REQUIRED WORK. Please give back, word for word, each line from the start of the entries through the one in which "#10=(LENGTH_UNIT() NAMED_UNIT(*) SI_UNIT(.MILLI.,.METRE.));" is found.

[Dataset items]
+ + + + +

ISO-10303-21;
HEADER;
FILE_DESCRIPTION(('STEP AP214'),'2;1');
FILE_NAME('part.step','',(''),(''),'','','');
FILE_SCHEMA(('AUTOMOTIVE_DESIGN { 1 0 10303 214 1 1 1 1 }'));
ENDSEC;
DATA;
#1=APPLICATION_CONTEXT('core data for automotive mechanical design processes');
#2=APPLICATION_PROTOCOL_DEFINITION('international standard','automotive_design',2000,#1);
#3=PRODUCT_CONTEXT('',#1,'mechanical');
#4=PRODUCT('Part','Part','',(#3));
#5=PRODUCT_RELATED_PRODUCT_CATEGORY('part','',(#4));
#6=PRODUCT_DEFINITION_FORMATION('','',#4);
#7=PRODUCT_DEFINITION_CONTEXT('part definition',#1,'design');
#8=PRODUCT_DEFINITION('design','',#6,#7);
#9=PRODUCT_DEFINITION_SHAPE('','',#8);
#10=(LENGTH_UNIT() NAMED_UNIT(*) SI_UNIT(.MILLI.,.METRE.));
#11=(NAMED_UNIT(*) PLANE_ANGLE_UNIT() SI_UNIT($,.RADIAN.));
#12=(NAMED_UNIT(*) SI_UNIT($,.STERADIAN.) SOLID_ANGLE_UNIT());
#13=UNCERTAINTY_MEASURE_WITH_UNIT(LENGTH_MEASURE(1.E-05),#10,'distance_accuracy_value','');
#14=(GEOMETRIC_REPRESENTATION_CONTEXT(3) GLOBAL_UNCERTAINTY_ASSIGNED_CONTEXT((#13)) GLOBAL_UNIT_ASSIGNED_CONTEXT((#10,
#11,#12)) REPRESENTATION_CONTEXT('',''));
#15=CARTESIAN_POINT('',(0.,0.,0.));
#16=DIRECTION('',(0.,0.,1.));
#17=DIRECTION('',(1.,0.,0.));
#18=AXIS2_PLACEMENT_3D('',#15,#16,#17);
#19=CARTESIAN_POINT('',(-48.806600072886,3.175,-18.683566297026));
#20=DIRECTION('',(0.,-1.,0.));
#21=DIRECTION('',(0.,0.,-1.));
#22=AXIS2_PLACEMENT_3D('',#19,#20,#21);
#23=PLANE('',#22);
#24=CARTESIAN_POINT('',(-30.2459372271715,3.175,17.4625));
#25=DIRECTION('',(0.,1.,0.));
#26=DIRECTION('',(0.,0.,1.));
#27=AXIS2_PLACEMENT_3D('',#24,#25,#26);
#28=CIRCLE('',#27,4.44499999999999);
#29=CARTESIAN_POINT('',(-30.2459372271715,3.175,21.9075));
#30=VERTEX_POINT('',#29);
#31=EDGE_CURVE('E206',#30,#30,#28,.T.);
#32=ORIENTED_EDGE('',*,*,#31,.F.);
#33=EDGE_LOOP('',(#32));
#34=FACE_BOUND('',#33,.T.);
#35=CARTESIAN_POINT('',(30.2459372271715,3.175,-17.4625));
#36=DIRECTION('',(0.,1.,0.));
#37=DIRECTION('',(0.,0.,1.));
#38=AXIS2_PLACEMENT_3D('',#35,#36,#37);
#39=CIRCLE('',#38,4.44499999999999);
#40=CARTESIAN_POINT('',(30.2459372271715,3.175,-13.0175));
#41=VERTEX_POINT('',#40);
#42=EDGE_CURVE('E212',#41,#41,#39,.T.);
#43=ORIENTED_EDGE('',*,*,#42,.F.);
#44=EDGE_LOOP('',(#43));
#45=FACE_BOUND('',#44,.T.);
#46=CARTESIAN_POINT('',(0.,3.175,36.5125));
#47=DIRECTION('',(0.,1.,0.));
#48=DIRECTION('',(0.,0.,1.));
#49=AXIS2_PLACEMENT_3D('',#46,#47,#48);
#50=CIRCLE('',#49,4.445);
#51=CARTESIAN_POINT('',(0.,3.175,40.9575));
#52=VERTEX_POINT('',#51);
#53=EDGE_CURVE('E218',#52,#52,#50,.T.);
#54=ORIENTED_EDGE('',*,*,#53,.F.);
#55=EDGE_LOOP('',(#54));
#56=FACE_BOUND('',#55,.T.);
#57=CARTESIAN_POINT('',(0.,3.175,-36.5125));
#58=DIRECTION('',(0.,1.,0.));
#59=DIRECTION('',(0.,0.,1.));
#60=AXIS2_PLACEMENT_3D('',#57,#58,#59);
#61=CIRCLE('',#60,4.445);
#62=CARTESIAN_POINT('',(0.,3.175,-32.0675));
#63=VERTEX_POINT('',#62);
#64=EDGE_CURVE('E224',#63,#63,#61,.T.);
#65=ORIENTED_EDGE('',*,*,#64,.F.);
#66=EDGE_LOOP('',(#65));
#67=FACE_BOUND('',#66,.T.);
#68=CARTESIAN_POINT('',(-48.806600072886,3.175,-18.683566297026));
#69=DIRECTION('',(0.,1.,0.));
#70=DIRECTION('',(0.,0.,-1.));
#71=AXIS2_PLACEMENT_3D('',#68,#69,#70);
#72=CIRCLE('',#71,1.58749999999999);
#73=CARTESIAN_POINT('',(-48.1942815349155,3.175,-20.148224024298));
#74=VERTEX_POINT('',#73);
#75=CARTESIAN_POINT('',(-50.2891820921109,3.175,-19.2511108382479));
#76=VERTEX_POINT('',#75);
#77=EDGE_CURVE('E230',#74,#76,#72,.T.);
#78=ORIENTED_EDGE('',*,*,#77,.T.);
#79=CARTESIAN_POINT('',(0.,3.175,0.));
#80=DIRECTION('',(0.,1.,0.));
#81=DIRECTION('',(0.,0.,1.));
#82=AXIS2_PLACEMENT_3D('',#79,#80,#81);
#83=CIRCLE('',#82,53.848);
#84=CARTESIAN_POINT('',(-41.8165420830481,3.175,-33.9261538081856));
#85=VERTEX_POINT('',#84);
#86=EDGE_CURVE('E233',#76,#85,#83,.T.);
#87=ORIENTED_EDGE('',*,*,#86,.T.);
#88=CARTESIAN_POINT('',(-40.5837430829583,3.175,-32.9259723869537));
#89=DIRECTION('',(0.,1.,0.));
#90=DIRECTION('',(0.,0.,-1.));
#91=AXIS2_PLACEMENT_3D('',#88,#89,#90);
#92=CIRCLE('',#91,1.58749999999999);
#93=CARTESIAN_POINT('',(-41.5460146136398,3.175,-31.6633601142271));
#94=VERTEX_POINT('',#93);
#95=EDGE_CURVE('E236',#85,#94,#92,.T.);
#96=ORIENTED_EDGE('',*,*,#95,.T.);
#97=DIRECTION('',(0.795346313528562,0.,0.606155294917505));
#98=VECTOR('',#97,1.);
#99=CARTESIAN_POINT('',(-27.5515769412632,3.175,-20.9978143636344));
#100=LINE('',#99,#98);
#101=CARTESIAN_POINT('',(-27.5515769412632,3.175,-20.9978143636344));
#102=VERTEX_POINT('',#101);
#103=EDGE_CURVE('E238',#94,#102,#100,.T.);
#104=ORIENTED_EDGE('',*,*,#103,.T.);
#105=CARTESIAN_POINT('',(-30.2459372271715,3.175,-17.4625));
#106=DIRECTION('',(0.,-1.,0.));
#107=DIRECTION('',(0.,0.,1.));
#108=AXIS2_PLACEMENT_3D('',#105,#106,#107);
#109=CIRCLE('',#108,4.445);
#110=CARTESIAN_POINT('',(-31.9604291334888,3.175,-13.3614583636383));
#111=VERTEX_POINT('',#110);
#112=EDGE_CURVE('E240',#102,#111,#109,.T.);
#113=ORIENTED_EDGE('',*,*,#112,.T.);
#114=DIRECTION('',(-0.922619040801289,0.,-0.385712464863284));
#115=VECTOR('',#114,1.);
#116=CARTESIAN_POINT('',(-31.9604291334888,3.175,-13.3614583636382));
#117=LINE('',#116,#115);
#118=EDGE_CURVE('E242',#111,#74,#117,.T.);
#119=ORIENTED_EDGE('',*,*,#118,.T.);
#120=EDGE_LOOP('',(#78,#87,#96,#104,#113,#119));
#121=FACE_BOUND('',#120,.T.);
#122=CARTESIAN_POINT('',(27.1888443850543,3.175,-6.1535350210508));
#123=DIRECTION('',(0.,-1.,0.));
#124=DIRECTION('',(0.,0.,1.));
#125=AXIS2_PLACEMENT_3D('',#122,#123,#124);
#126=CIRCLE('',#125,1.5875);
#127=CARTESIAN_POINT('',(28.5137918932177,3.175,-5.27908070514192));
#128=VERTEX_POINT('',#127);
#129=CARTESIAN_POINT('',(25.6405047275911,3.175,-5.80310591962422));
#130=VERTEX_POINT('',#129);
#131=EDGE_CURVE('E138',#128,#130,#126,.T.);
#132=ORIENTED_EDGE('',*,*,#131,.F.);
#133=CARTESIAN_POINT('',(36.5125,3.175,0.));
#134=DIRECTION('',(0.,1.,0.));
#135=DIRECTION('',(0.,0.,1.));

+ + + + +

YOUR RESPONSE.
ISO-10303-21;
HEADER;
FILE_DESCRIPTION(('STEP AP214'),'2;1');
FILE_NAME('part.step','',(''),(''),'','','');
FILE_SCHEMA(('AUTOMOTIVE_DESIGN { 1 0 10303 214 1 1 1 1 }'));
ENDSEC;
DATA;
#1=APPLICATION_CONTEXT('core data for automotive mechanical design processes');
#2=APPLICATION_PROTOCOL_DEFINITION('international standard','automotive_design',2000,#1);
#3=PRODUCT_CONTEXT('',#1,'mechanical');
#4=PRODUCT('Part','Part','',(#3));
#5=PRODUCT_RELATED_PRODUCT_CATEGORY('part','',(#4));
#6=PRODUCT_DEFINITION_FORMATION('','',#4);
#7=PRODUCT_DEFINITION_CONTEXT('part definition',#1,'design');
#8=PRODUCT_DEFINITION('design','',#6,#7);
#9=PRODUCT_DEFINITION_SHAPE('','',#8);
#10=(LENGTH_UNIT() NAMED_UNIT(*) SI_UNIT(.MILLI.,.METRE.));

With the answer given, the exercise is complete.